In an absolute sense, I'm really happy with that Peavey Special. However, I'm wondering if that's because it's actually a good amp, or if I simply lack the experience to even know what a good amp is - and I am under some (light, friendly) pressure from friends and jam mates to "go tube."

I've tried out several tube amps - a Blackstar HT, a Bugera V22, a Peavey Classic 30, and a couple Fenders and Marshalls that I can't remember off the top of my head. Having experimented with the tubes, I found the following:

a). I generally try plugging a fuzz pedal between the preamp and the power amp like this:



However, with the tube amps I've tried, it's really hard for them to respond well to my fuzz pedals (EHX Bass Big Muff, EHX Big Muff with Tone Wicker, Way Huge Swollen Pickle). I get a lot of hissing, humming, and other ugliness that I don't have on my Peavey Special.

It's less of an issue if I go from the guitar to the pedal to the amp like this:



...but then the preamp EQ doesn't do much because it can't overcome the level of amplification that's already coming out of the stompbox. I might as well just hook the pedal up to a cab Jimi Hendrix-style and call it a day.

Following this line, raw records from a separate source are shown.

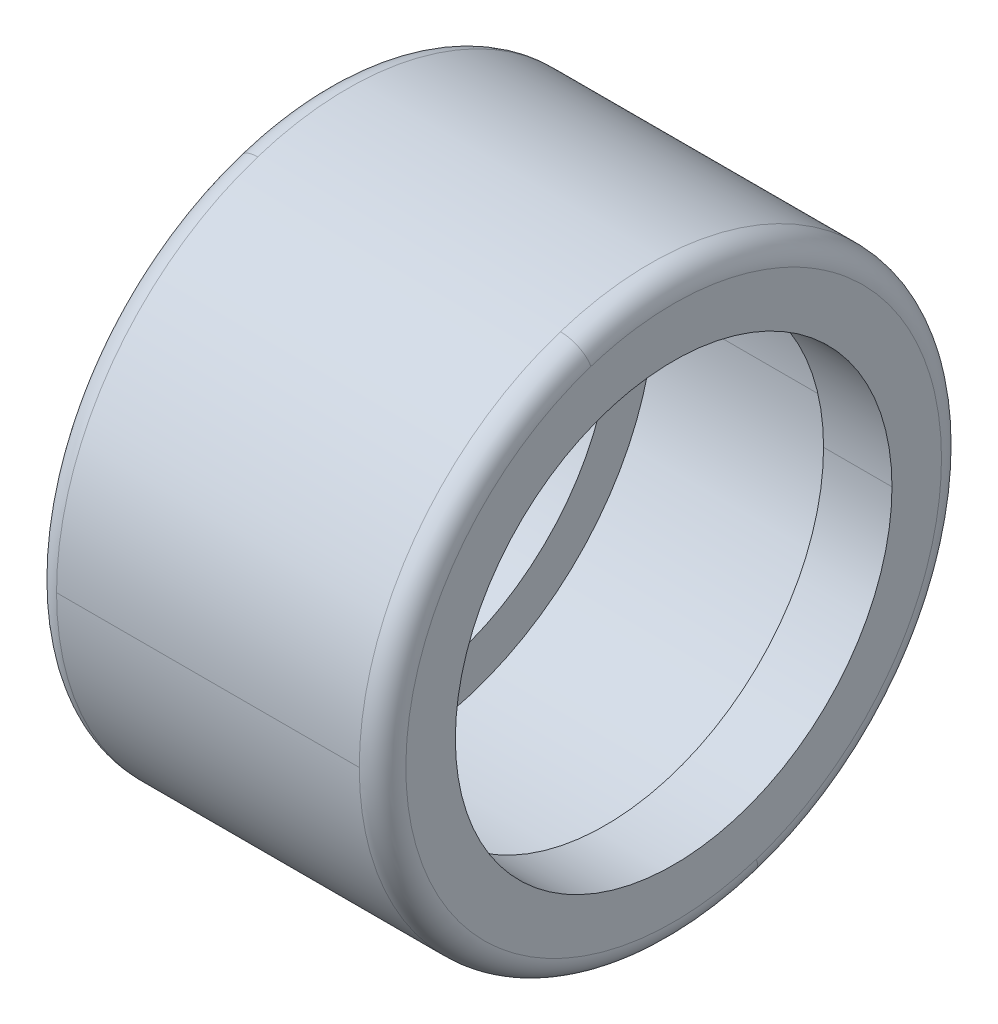
ISO-10303-21;
HEADER;
FILE_DESCRIPTION(('STEP AP214'),'2;1');
FILE_NAME('part.step','',(''),(''),'','','');
FILE_SCHEMA(('AUTOMOTIVE_DESIGN { 1 0 10303 214 1 1 1 1 }'));
ENDSEC;
DATA;
#1=APPLICATION_CONTEXT('core data for automotive mechanical design processes');
#2=APPLICATION_PROTOCOL_DEFINITION('international standard','automotive_design',2000,#1);
#3=PRODUCT_CONTEXT('',#1,'mechanical');
#4=PRODUCT('Part','Part','',(#3));
#5=PRODUCT_RELATED_PRODUCT_CATEGORY('part','',(#4));
#6=PRODUCT_DEFINITION_FORMATION('','',#4);
#7=PRODUCT_DEFINITION_CONTEXT('part definition',#1,'design');
#8=PRODUCT_DEFINITION('design','',#6,#7);
#9=PRODUCT_DEFINITION_SHAPE('','',#8);
#10=(LENGTH_UNIT() NAMED_UNIT(*) SI_UNIT(.MILLI.,.METRE.));
#11=(NAMED_UNIT(*) PLANE_ANGLE_UNIT() SI_UNIT($,.RADIAN.));
#12=(NAMED_UNIT(*) SI_UNIT($,.STERADIAN.) SOLID_ANGLE_UNIT());
#13=UNCERTAINTY_MEASURE_WITH_UNIT(LENGTH_MEASURE(1.E-05),#10,'distance_accuracy_value','');
#14=(GEOMETRIC_REPRESENTATION_CONTEXT(3) GLOBAL_UNCERTAINTY_ASSIGNED_CONTEXT((#13)) GLOBAL_UNIT_ASSIGNED_CONTEXT((#10,
#11,#12)) REPRESENTATION_CONTEXT('',''));
#15=CARTESIAN_POINT('',(0.,0.,0.));
#16=DIRECTION('',(0.,0.,1.));
#17=DIRECTION('',(1.,0.,0.));
#18=AXIS2_PLACEMENT_3D('',#15,#16,#17);
#19=CARTESIAN_POINT('',(0.80000000000006,0.,0.));
#20=DIRECTION('',(1.,0.,0.));
#21=DIRECTION('',(0.,-0.309016994374947,0.951056516295154));
#22=AXIS2_PLACEMENT_3D('',#19,#20,#21);
#23=TOROIDAL_SURFACE('',#22,9.2,0.800000000000061);
#24=CARTESIAN_POINT('',(0.80000000000006,-8.74971994991541,-2.84295634824951));
#25=DIRECTION('',(0.,0.309016994374947,-0.951056516295154));
#26=DIRECTION('',(0.,-0.951056516295154,-0.309016994374947));
#27=AXIS2_PLACEMENT_3D('',#24,#25,#26);
#28=CIRCLE('',#27,0.800000000000061);
#29=CARTESIAN_POINT('',(0.799999999999998,-9.51056516295159,-3.09016994374949));
#30=VERTEX_POINT('',#29);
#31=CARTESIAN_POINT('',(0.,-8.74971994991541,-2.84295634824951));
#32=VERTEX_POINT('',#31);
#33=EDGE_CURVE('E11',#30,#32,#28,.T.);
#34=ORIENTED_EDGE('',*,*,#33,.T.);
#35=CARTESIAN_POINT('',(0.,-8.74971994991541,-2.84295634824951));
#36=CARTESIAN_POINT('',(0.,-8.7032051754001,-2.98612443747712));
#37=CARTESIAN_POINT('',(0.,-8.65317067329749,-3.12814861219191));
#38=CARTESIAN_POINT('',(0.,-8.54619587234309,-3.40957197136774));
#39=CARTESIAN_POINT('',(0.,-8.48925557349131,-3.54897115582878));
#40=CARTESIAN_POINT('',(0.,-8.36860283746399,-3.824807373269));
#41=CARTESIAN_POINT('',(0.,-8.30489040028846,-3.96124440624817));
#42=CARTESIAN_POINT('',(0.,-8.17084781849556,-4.23082799004443));
#43=CARTESIAN_POINT('',(0.,-8.10051767387819,-4.36397454086151));
#44=CARTESIAN_POINT('',(0.,-7.95340885626128,-4.62665630268244));
#45=CARTESIAN_POINT('',(0.,-7.87663018326173,-4.75619151368629));
#46=CARTESIAN_POINT('',(0.,-7.71680934306418,-5.01133855992067));
#47=CARTESIAN_POINT('',(0.,-7.63376717586618,-5.13695039515121));
#48=CARTESIAN_POINT('',(0.,-7.46161938500327,-5.38394807303685));
#49=CARTESIAN_POINT('',(0.,-7.37251376133837,-5.50533391569195));
#50=CARTESIAN_POINT('',(0.,-7.18845372564979,-5.74358718114546));
#51=CARTESIAN_POINT('',(0.,-7.09349931362612,-5.86045460394387));
#52=CARTESIAN_POINT('',(0.,-6.89797045341445,-6.0893894853315));
#53=CARTESIAN_POINT('',(0.,-6.79739600522645,-6.20145694392072));
#54=CARTESIAN_POINT('',(0.,-6.59086936568973,-6.42052191669881));
#55=CARTESIAN_POINT('',(0.,-6.48491717434101,-6.52751943088768));
#56=CARTESIAN_POINT('',(0.,-6.2678902964987,-6.73618674844601));
#57=CARTESIAN_POINT('',(0.,-6.15681561000511,-6.83785655181546));
#58=CARTESIAN_POINT('',(0.,-5.92981133054686,-7.03562351628292));
#59=CARTESIAN_POINT('',(0.,-5.8138817375822,-7.13172067738093));
#60=CARTESIAN_POINT('',(0.,-5.57744692971877,-7.31811085082476));
#61=CARTESIAN_POINT('',(0.,-5.45694171482,-7.40840386317057));
#62=CARTESIAN_POINT('',(0.,-5.21164597070787,-7.58296821533522));
#63=CARTESIAN_POINT('',(0.,-5.0868554414945,-7.66723955515404));
#64=CARTESIAN_POINT('',(0.,-4.83328970006792,-7.82955754522561));
#65=CARTESIAN_POINT('',(0.,-4.70451448785471,-7.90760419547835));
#66=CARTESIAN_POINT('',(0.,-4.44328961119416,-8.05728478520124));
#67=CARTESIAN_POINT('',(0.,-4.31083994674682,-8.1289187246714));
#68=CARTESIAN_POINT('',(0.,-4.04258524846086,-8.26560132039455));
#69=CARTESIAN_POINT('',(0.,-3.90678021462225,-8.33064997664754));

b). By themselves, I liked the Peavey Classic best, and then the Blackstar. They're still not the sound I'm going for, though (and I miss my fuzz pedals, damnit!). Their OD channels are too thick and chunky for me - fantastic sounds for blues, country, or classic rock-style guitar, but they don't nail what I'm going for.

And to be clear: when I go back home to that Peavey Special 112, I plug my rig in and it sounds so much better to me than what I was getting with the tube amps at the store or at my friends' places.

Is it possible that my rig is better than the sum of its parts, or that I'm just a transistor amp guy? Or is there a tube amp out there (preferably under $500) that I haven't tried yet but will get me the sound I'm looking for?

Either way, what do you recommend?

EDIT: I also want to point out that this is NOT a TransTube amp - this is a Special 112 that predates the Transtube series.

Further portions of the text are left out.